Line 16 and Line 20. Instead of using the %s operator like we did in Python, Perl requires that the variable name by typed out in the code in order for it to be displayed. Therefore, on line 16 the page variable is included in the print statement that prints the XHTML code to the screen, and on line 20 the content variable is included in the print statement which prints the XHTML code to the screen. If you would like to print “$page” instead of the contents of a scalar variable named page, you would simply add a backslash before the dollar-sign, so it would instead look like this: \$page.
Quick tip: the backslash “escapes” the character it precedes. For example, if you use the line of code below in a Perl program, you will end up printing “Hello, world!” to the screen:
$myvar = "Hello, world!";
print $myvar;
However, if you were to use the code below in your program, you would end up printing “$myvar” to the screen—the actual text “$myvar”, not what is inside the scalar variable named myvar.
$myvar = "Hello, world!"; print "\$myvar"
The same goes for Python: if you want to escape a character, such as a double-quote inside a string, use the backslash:
hello = "Hello, world! I'm \"Bob\"."
print hello
This would cause this line to be printed to standard output—the screen: Hello, world! I’m “Bob”. If the two backslashes were omitted, an error would be thrown when the Python program was run since there would be incorrect formatting.
That concludes my basic introduction to Python and Perl. Since I went through all the steps to give you the ability to create, edit, debug, and run Python and Perl programs (as well as CGI files) in my last post, Running Perl and CGI files in Windows, I will not go through them in too much depth again. However, I will go through them briefly. For a more detailed guide and explanation, check out my last post.
In my last post I recommended that you install the following programs:
- XAMPP. XAMPP allows you to run Perl, Python (CGI), and PHP scripts as if they were hosted on a server. Without this ability, you can only run your webpages created with Perl and Python and see the resulting (X)HTML code—not very helpful when designing a website. Additionally, XAMPP also automatically installs Perl, so you don’t have to do that separately as you have to do Python.

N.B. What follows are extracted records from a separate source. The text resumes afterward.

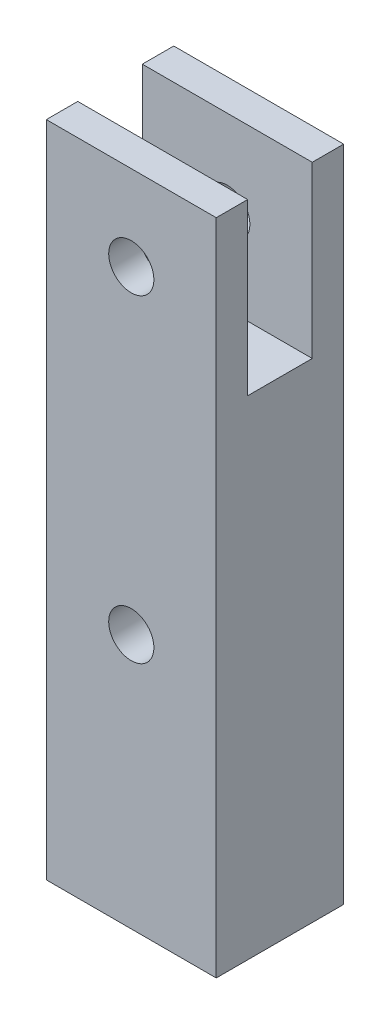
ISO-10303-21;
HEADER;
FILE_DESCRIPTION(('STEP AP214'),'2;1');
FILE_NAME('part.step','',(''),(''),'','','');
FILE_SCHEMA(('AUTOMOTIVE_DESIGN { 1 0 10303 214 1 1 1 1 }'));
ENDSEC;
DATA;
#1=APPLICATION_CONTEXT('core data for automotive mechanical design processes');
#2=APPLICATION_PROTOCOL_DEFINITION('international standard','automotive_design',2000,#1);
#3=PRODUCT_CONTEXT('',#1,'mechanical');
#4=PRODUCT('Part','Part','',(#3));
#5=PRODUCT_RELATED_PRODUCT_CATEGORY('part','',(#4));
#6=PRODUCT_DEFINITION_FORMATION('','',#4);
#7=PRODUCT_DEFINITION_CONTEXT('part definition',#1,'design');
#8=PRODUCT_DEFINITION('design','',#6,#7);
#9=PRODUCT_DEFINITION_SHAPE('','',#8);
#10=(LENGTH_UNIT() NAMED_UNIT(*) SI_UNIT(.MILLI.,.METRE.));
#11=(NAMED_UNIT(*) PLANE_ANGLE_UNIT() SI_UNIT($,.RADIAN.));
#12=(NAMED_UNIT(*) SI_UNIT($,.STERADIAN.) SOLID_ANGLE_UNIT());
#13=UNCERTAINTY_MEASURE_WITH_UNIT(LENGTH_MEASURE(1.E-05),#10,'distance_accuracy_value','');
#14=(GEOMETRIC_REPRESENTATION_CONTEXT(3) GLOBAL_UNCERTAINTY_ASSIGNED_CONTEXT((#13)) GLOBAL_UNIT_ASSIGNED_CONTEXT((#10,
#11,#12)) REPRESENTATION_CONTEXT('',''));
#15=CARTESIAN_POINT('',(0.,0.,0.));
#16=DIRECTION('',(0.,0.,1.));
#17=DIRECTION('',(1.,0.,0.));
#18=AXIS2_PLACEMENT_3D('',#15,#16,#17);
#19=CARTESIAN_POINT('',(-12.7,36.5125,9.525));
#20=DIRECTION('',(0.,-1.,0.));
#21=DIRECTION('',(1.,0.,0.));
#22=AXIS2_PLACEMENT_3D('',#19,#20,#21);
#23=PLANE('',#22);
#24=DIRECTION('',(0.,0.,-1.));
#25=VECTOR('',#24,1.);
#26=CARTESIAN_POINT('',(12.7,36.5125,9.525));
#27=LINE('',#26,#25);
#28=CARTESIAN_POINT('',(12.7,36.5125,9.525));
#29=VERTEX_POINT('',#28);
#30=CARTESIAN_POINT('',(12.7,36.5125,4.826));
#31=VERTEX_POINT('',#30);
#32=EDGE_CURVE('E11',#29,#31,#27,.T.);
#33=ORIENTED_EDGE('',*,*,#32,.T.);
#34=DIRECTION('',(1.,0.,0.));
#35=VECTOR('',#34,1.);
#36=CARTESIAN_POINT('',(-12.7,36.5125,4.826));
#37=LINE('',#36,#35);
#38=CARTESIAN_POINT('',(-12.7,36.5125,4.826));
#39=VERTEX_POINT('',#38);
#40=EDGE_CURVE('E146',#39,#31,#37,.T.);
#41=ORIENTED_EDGE('',*,*,#40,.F.);
#42=DIRECTION('',(0.,0.,-1.));
#43=VECTOR('',#42,1.);
#44=CARTESIAN_POINT('',(-12.7,36.5125,9.525));
#45=LINE('',#44,#43);
#46=CARTESIAN_POINT('',(-12.7,36.5125,9.525));
#47=VERTEX_POINT('',#46);
#48=EDGE_CURVE('E137',#47,#39,#45,.T.);
#49=ORIENTED_EDGE('',*,*,#48,.F.);
#50=DIRECTION('',(-1.,0.,0.));
#51=VECTOR('',#50,1.);
#52=CARTESIAN_POINT('',(-12.7,36.5125,9.525));
#53=LINE('',#52,#51);
#54=EDGE_CURVE('E96',#29,#47,#53,.T.);
#55=ORIENTED_EDGE('',*,*,#54,.F.);
#56=EDGE_LOOP('',(#33,#41,#49,#55));
#57=FACE_BOUND('',#56,.T.);
#58=ADVANCED_FACE('F41',(#57),#23,.F.);
#59=CARTESIAN_POINT('',(0.,23.8125,9.525));
#60=DIRECTION('',(0.,0.,-1.));
#61=DIRECTION('',(-1.,0.,0.));
#62=AXIS2_PLACEMENT_3D('',#59,#60,#61);
#63=CYLINDRICAL_SURFACE('',#62,3.3782);
#64=CARTESIAN_POINT('',(0.,23.8125,4.826));
#65=DIRECTION('',(0.,0.,1.));
#66=DIRECTION('',(1.,0.,0.));
#67=AXIS2_PLACEMENT_3D('',#64,#65,#66);
#68=CIRCLE('',#67,3.3782);
#69=CARTESIAN_POINT('',(-3.3782,23.8125,4.826));
#70=VERTEX_POINT('',#69);
#71=EDGE_CURVE('E45',#70,#70,#68,.T.);
#72=CARTESIAN_POINT('',(0.,23.8125,9.525));
#73=DIRECTION('',(0.,0.,1.));
#74=DIRECTION('',(1.,0.,0.));
#75=AXIS2_PLACEMENT_3D('',#72,#73,#74);
#76=CIRCLE('',#75,3.3782);
#77=CARTESIAN_POINT('',(-3.3782,23.8125,9.525));
#78=VERTEX_POINT('',#77);
#79=EDGE_CURVE('E160',#78,#78,#76,.T.);
#80=CARTESIAN_POINT('',(-3.3782,23.8125,4.826));
#81=CARTESIAN_POINT('',(-3.3782,23.8125,4.87494791666667));
#82=CARTESIAN_POINT('',(-3.3782,23.8125,4.92389583333333));
#83=CARTESIAN_POINT('',(-3.3782,23.8125,5.02179166666667));
#84=CARTESIAN_POINT('',(-3.3782,23.8125,5.07073958333333));
#85=CARTESIAN_POINT('',(-3.3782,23.8125,5.16863541666667));
#86=CARTESIAN_POINT('',(-3.3782,23.8125,5.21758333333333));
#87=CARTESIAN_POINT('',(-3.3782,23.8125,5.31547916666667));
#88=CARTESIAN_POINT('',(-3.3782,23.8125,5.36442708333333));
#89=CARTESIAN_POINT('',(-3.3782,23.8125,5.46232291666667));
#90=CARTESIAN_POINT('',(-3.3782,23.8125,5.51127083333333));
#91=CARTESIAN_POINT('',(-3.3782,23.8125,5.60916666666667));
#92=CARTESIAN_POINT('',(-3.3782,23.8125,5.65811458333333));
#93=CARTESIAN_POINT('',(-3.3782,23.8125,5.75601041666667));
#94=CARTESIAN_POINT('',(-3.3782,23.8125,5.80495833333333));
#95=CARTESIAN_POINT('',(-3.3782,23.8125,5.90285416666667));
#96=CARTESIAN_POINT('',(-3.3782,23.8125,5.95180208333333));
#97=CARTESIAN_POINT('',(-3.3782,23.8125,6.04969791666667));
#98=CARTESIAN_POINT('',(-3.3782,23.8125,6.09864583333333));
#99=CARTESIAN_POINT('',(-3.3782,23.8125,6.19654166666667));
#100=CARTESIAN_POINT('',(-3.3782,23.8125,6.24548958333333));
#101=CARTESIAN_POINT('',(-3.3782,23.8125,6.34338541666667));
#102=CARTESIAN_POINT('',(-3.3782,23.8125,6.39233333333333));
#103=CARTESIAN_POINT('',(-3.3782,23.8125,6.49022916666667));
#104=CARTESIAN_POINT('',(-3.3782,23.8125,6.53917708333333));
#105=CARTESIAN_POINT('',(-3.3782,23.8125,6.63707291666667));
#106=CARTESIAN_POINT('',(-3.3782,23.8125,6.68602083333333));
#107=CARTESIAN_POINT('',(-3.3782,23.8125,6.78391666666667));
#108=CARTESIAN_POINT('',(-3.3782,23.8125,6.83286458333333));
#109=CARTESIAN_POINT('',(-3.3782,23.8125,6.93076041666667));
#110=CARTESIAN_POINT('',(-3.3782,23.8125,6.97970833333333));
#111=CARTESIAN_POINT('',(-3.3782,23.8125,7.07760416666667));
#112=CARTESIAN_POINT('',(-3.3782,23.8125,7.12655208333333));
#113=CARTESIAN_POINT('',(-3.3782,23.8125,7.22444791666667));
#114=CARTESIAN_POINT('',(-3.3782,23.8125,7.27339583333333));
#115=CARTESIAN_POINT('',(-3.3782,23.8125,7.37129166666667));
#116=CARTESIAN_POINT('',(-3.3782,23.8125,7.42023958333333));
#117=CARTESIAN_POINT('',(-3.3782,23.8125,7.51813541666667));
#118=CARTESIAN_POINT('',(-3.3782,23.8125,7.56708333333333));
#119=CARTESIAN_POINT('',(-3.3782,23.8125,7.66497916666667));
#120=CARTESIAN_POINT('',(-3.3782,23.8125,7.71392708333333));
#121=CARTESIAN_POINT('',(-3.3782,23.8125,7.81182291666667));
#122=CARTESIAN_POINT('',(-3.3782,23.8125,7.86077083333333));
#123=CARTESIAN_POINT('',(-3.3782,23.8125,7.95866666666667));
#124=CARTESIAN_POINT('',(-3.3782,23.8125,8.00761458333333));
#125=CARTESIAN_POINT('',(-3.3782,23.8125,8.10551041666667));
#126=CARTESIAN_POINT('',(-3.3782,23.8125,8.15445833333333));
#127=CARTESIAN_POINT('',(-3.3782,23.8125,8.25235416666667));
#128=CARTESIAN_POINT('',(-3.3782,23.8125,8.30130208333333));
#129=CARTESIAN_POINT('',(-3.3782,23.8125,8.39919791666667));
#130=CARTESIAN_POINT('',(-3.3782,23.8125,8.44814583333333));
#131=CARTESIAN_POINT('',(-3.3782,23.8125,8.54604166666667));
#132=CARTESIAN_POINT('',(-3.3782,23.8125,8.59498958333333));
#133=CARTESIAN_POINT('',(-3.3782,23.8125,8.69288541666667));
#134=CARTESIAN_POINT('',(-3.3782,23.8125,8.74183333333333));
#135=CARTESIAN_POINT('',(-3.3782,23.8125,8.83972916666667));
#136=CARTESIAN_POINT('',(-3.3782,23.8125,8.88867708333333));
#137=CARTESIAN_POINT('',(-3.3782,23.8125,8.98657291666667));
#138=CARTESIAN_POINT('',(-3.3782,23.8125,9.03552083333333));
#139=CARTESIAN_POINT('',(-3.3782,23.8125,9.13341666666667));
#140=CARTESIAN_POINT('',(-3.3782,23.8125,9.18236458333333));
#141=CARTESIAN_POINT('',(-3.3782,23.8125,9.28026041666667));
#142=CARTESIAN_POINT('',(-3.3782,23.8125,9.32920833333333));
#143=CARTESIAN_POINT('',(-3.3782,23.8125,9.42710416666667));
#144=CARTESIAN_POINT('',(-3.3782,23.8125,9.47605208333333));
#145=CARTESIAN_POINT('',(-3.3782,23.8125,9.525));
#146=B_SPLINE_CURVE_WITH_KNOTS('',3,(#80,#81,#82,#83,#84,#85,#86,#87,#88,#89,#90,#91,#92,#93,
#94,#95,#96,#97,#98,#99,#100,#101,#102,#103,#104,#105,#106,#107,#108,#109,#110,#111,#112,#113,
#114,#115,#116,#117,#118,#119,#120,#121,#122,#123,#124,#125,#126,#127,#128,#129,#130,#131,#132,
#133,#134,#135,#136,#137,#138,#139,#140,#141,#142,#143,#144,#145),.UNSPECIFIED.,.F.,.F.,(4,2,2,
2,2,2,2,2,2,2,2,2,2,2,2,2,2,2,2,2,2,2,2,2,2,2,2,2,2,2,2,2,4),(0.,0.14684375,0.2936875,
0.44053125,0.587375,0.73421875,0.881062499999999,1.02790625,1.17475,1.32159375,1.4684375,
1.61528125,1.762125,1.90896875,2.0558125,2.20265625,2.3495,2.49634375,2.6431875,2.79003125,
2.936875,3.08371875,3.2305625,3.37740625,3.52425,3.67109375,3.8179375,3.96478125,4.111625,
4.25846875,4.4053125,4.55215625,4.699),.UNSPECIFIED.);
#147=EDGE_CURVE('BSEAM192',#70,#78,#146,.T.);
#148=ORIENTED_EDGE('',*,*,#71,.F.);
#149=ORIENTED_EDGE('',*,*,#79,.T.);
#150=ORIENTED_EDGE('',*,*,#147,.T.);
#151=ORIENTED_EDGE('',*,*,#147,.F.);
#152=EDGE_LOOP('',(#148,#150,#149,#151));
#153=FACE_BOUND('',#152,.T.);
#154=ADVANCED_FACE('F192',(#153),#63,.F.);
#155=CARTESIAN_POINT('',(0.,0.,9.525));
#156=DIRECTION('',(0.,0.,1.));
#157=DIRECTION('',(1.,0.,0.));
#158=AXIS2_PLACEMENT_3D('',#155,#156,#157);
#159=PLANE('',#158);
#160=ORIENTED_EDGE('',*,*,#79,.F.);
#161=EDGE_LOOP('',(#160));
#162=FACE_BOUND('',#161,.T.);
#163=DIRECTION('',(0.,1.,0.));
#164=VECTOR('',#163,1.);
#165=CARTESIAN_POINT('',(12.7,36.5125,9.525));
#166=LINE('',#165,#164);
#167=CARTESIAN_POINT('',(12.7,-61.9125,9.525));
#168=VERTEX_POINT('',#167);
#169=EDGE_CURVE('E67',#168,#29,#166,.T.);
#170=ORIENTED_EDGE('',*,*,#169,.T.);
#171=ORIENTED_EDGE('',*,*,#54,.T.);
#172=DIRECTION('',(0.,-1.,0.));
#173=VECTOR('',#172,1.);
#174=CARTESIAN_POINT('',(-12.7,23.8125,9.525));
#175=LINE('',#174,#173);
#176=CARTESIAN_POINT('',(-12.7,-61.9125,9.525));
#177=VERTEX_POINT('',#176);
#178=EDGE_CURVE('E169',#47,#177,#175,.T.);
#179=ORIENTED_EDGE('',*,*,#178,.T.);
#180=DIRECTION('',(1.,0.,0.));
#181=VECTOR('',#180,1.);
#182=CARTESIAN_POINT('',(-12.7,-61.9125,9.525));
#183=LINE('',#182,#181);
#184=EDGE_CURVE('E171',#177,#168,#183,.T.);
#185=ORIENTED_EDGE('',*,*,#184,.T.);
#186=EDGE_LOOP('',(#170,#171,#179,#185));
#187=FACE_BOUND('',#186,.T.);
#188=CARTESIAN_POINT('',(0.,-23.8125,9.525));
#189=DIRECTION('',(0.,0.,1.));
#190=DIRECTION('',(1.,0.,0.));
#191=AXIS2_PLACEMENT_3D('',#188,#189,#190);
#192=CIRCLE('',#191,3.3782);
#193=CARTESIAN_POINT('',(-3.3782,-23.8125,9.525));
#194=VERTEX_POINT('',#193);
#195=EDGE_CURVE('E153',#194,#194,#192,.T.);
#196=ORIENTED_EDGE('',*,*,#195,.F.);
#197=EDGE_LOOP('',(#196));
#198=FACE_BOUND('',#197,.T.);
#199=ADVANCED_FACE('F195',(#162,#187,#198),#159,.T.);
#200=CARTESIAN_POINT('',(0.,0.,-9.525));
#201=DIRECTION('',(0.,0.,1.));
#202=DIRECTION('',(1.,0.,0.));
#203=AXIS2_PLACEMENT_3D('',#200,#201,#202);
#204=PLANE('',#203);
#205=DIRECTION('',(-1.,0.,0.));
#206=VECTOR('',#205,1.);
#207=CARTESIAN_POINT('',(-12.7,36.5125,-9.525));
#208=LINE('',#207,#206);
#209=CARTESIAN_POINT('',(12.7,36.5125,-9.525));
#210=VERTEX_POINT('',#209);
#211=CARTESIAN_POINT('',(-12.7,36.5125,-9.525));
#212=VERTEX_POINT('',#211);
#213=EDGE_CURVE('E163',#210,#212,#208,.T.);
#214=ORIENTED_EDGE('',*,*,#213,.F.);
#215=DIRECTION('',(0.,1.,0.));
#216=VECTOR('',#215,1.);
#217=CARTESIAN_POINT('',(12.7,-61.9125,-9.525));
#218=LINE('',#217,#216);
#219=CARTESIAN_POINT('',(12.7,-61.9125,-9.525));
#220=VERTEX_POINT('',#219);
#221=EDGE_CURVE('E167',#220,#210,#218,.T.);
#222=ORIENTED_EDGE('',*,*,#221,.F.);
#223=DIRECTION('',(1.,0.,0.));
#224=VECTOR('',#223,1.);
#225=CARTESIAN_POINT('',(-12.7,-61.9125,-9.525));
#226=LINE('',#225,#224);
#227=CARTESIAN_POINT('',(-12.7,-61.9125,-9.525));
#228=VERTEX_POINT('',#227);
#229=EDGE_CURVE('E90',#228,#220,#226,.T.);
#230=ORIENTED_EDGE('',*,*,#229,.F.);
#231=DIRECTION('',(0.,-1.,0.));
#232=VECTOR('',#231,1.);
#233=CARTESIAN_POINT('',(-12.7,-61.9125,-9.525));
#234=LINE('',#233,#232);
#235=EDGE_CURVE('E176',#212,#228,#234,.T.);
#236=ORIENTED_EDGE('',*,*,#235,.F.);
#237=EDGE_LOOP('',(#214,#222,#230,#236));
#238=FACE_BOUND('',#237,.T.);
#239=CARTESIAN_POINT('',(0.,23.8125,-9.525));
#240=DIRECTION('',(0.,0.,1.));
#241=DIRECTION('',(1.,0.,0.));
#242=AXIS2_PLACEMENT_3D('',#239,#240,#241);
#243=CIRCLE('',#242,3.3782);
#244=CARTESIAN_POINT('',(-3.3782,23.8125,-9.525));
#245=VERTEX_POINT('',#244);
#246=EDGE_CURVE('E156',#245,#245,#243,.T.);
#247=ORIENTED_EDGE('',*,*,#246,.T.);
#248=EDGE_LOOP('',(#247));
#249=FACE_BOUND('',#248,.T.);
#250=CARTESIAN_POINT('',(0.,-23.8125,-9.525));
#251=DIRECTION('',(0.,0.,1.));
#252=DIRECTION('',(1.,0.,0.));
#253=AXIS2_PLACEMENT_3D('',#250,#251,#252);
#254=CIRCLE('',#253,3.3782);
#255=CARTESIAN_POINT('',(-3.3782,-23.8125,-9.525));
#256=VERTEX_POINT('',#255);
#257=EDGE_CURVE('E157',#256,#256,#254,.T.);
#258=ORIENTED_EDGE('',*,*,#257,.T.);
#259=EDGE_LOOP('',(#258));
#260=FACE_BOUND('',#259,.T.);
#261=ADVANCED_FACE('F202',(#238,#249,#260),#204,.F.);
#262=CARTESIAN_POINT('',(-12.7,36.5125,-4.826));
#263=VERTEX_POINT('',#262);
#264=EDGE_CURVE('E184',#263,#212,#45,.T.);
#265=ORIENTED_EDGE('',*,*,#264,.F.);
#266=DIRECTION('',(1.,0.,0.));
#267=VECTOR('',#266,1.);
#268=CARTESIAN_POINT('',(-12.7,36.5125,-4.826));
#269=LINE('',#268,#267);
#270=CARTESIAN_POINT('',(12.7,36.5125,-4.826));
#271=VERTEX_POINT('',#270);
#272=EDGE_CURVE('E149',#263,#271,#269,.T.);
#273=ORIENTED_EDGE('',*,*,#272,.T.);
#274=EDGE_CURVE('E50',#271,#210,#27,.T.);
#275=ORIENTED_EDGE('',*,*,#274,.T.);
#276=ORIENTED_EDGE('',*,*,#213,.T.);
#277=EDGE_LOOP('',(#265,#273,#275,#276));
#278=FACE_BOUND('',#277,.T.);
#279=ADVANCED_FACE('F43',(#278),#23,.F.);
#280=CARTESIAN_POINT('',(-12.7,-61.9125,9.525));
#281=DIRECTION('',(1.,0.,0.));
#282=DIRECTION('',(0.,0.,-1.));
#283=AXIS2_PLACEMENT_3D('',#280,#281,#282);
#284=PLANE('',#283);
#285=ORIENTED_EDGE('',*,*,#48,.T.);
#286=DIRECTION('',(0.,-1.,0.));
#287=VECTOR('',#286,1.);
#288=CARTESIAN_POINT('',(-12.7,11.1125,4.826));
#289=LINE('',#288,#287);
#290=CARTESIAN_POINT('',(-12.7,11.1125,4.826));
#291=VERTEX_POINT('',#290);
#292=EDGE_CURVE('E119',#39,#291,#289,.T.);
#293=ORIENTED_EDGE('',*,*,#292,.T.);
#294=DIRECTION('',(0.,0.,-1.));
#295=VECTOR('',#294,1.);
#296=CARTESIAN_POINT('',(-12.7,11.1125,-4.826));
#297=LINE('',#296,#295);
#298=CARTESIAN_POINT('',(-12.7,11.1125,-4.826));
#299=VERTEX_POINT('',#298);
#300=EDGE_CURVE('E128',#291,#299,#297,.T.);
#301=ORIENTED_EDGE('',*,*,#300,.T.);
#302=DIRECTION('',(0.,1.,0.));
#303=VECTOR('',#302,1.);
#304=CARTESIAN_POINT('',(-12.7,11.1125,-4.826));
#305=LINE('',#304,#303);
#306=EDGE_CURVE('E125',#299,#263,#305,.T.);
#307=ORIENTED_EDGE('',*,*,#306,.T.);
#308=ORIENTED_EDGE('',*,*,#264,.T.);
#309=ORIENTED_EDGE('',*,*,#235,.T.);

- Python. If you wish to create CGI files, you must have Python installed. XAMPP does not come with an option to install Python, so unless you install Python manually you will not be able to run CGI files through XAMPP.
- Cygwin. This is probably the most important programming tool for anyone what is planning on programming very much. Cygwin allows you to run and debug Perl, Python, C, and many other kinds of programs right from the terminal. Additionally, Cygwin also gives you the ability to use Unix terminal commands, which makes a lot of programming tasks much easier.
- Notepad++. Notepad++ is my favorite free editor for programming. Notepad++ features syntax highlighting, which is extremely helpful when programming, as well as a host of other features that just make programming much easier.
Once you have these four programs installed, you can create, run, debug, and deploy programs written in Perl, C, Python, and even Shell—just to name a few, and all from Windows.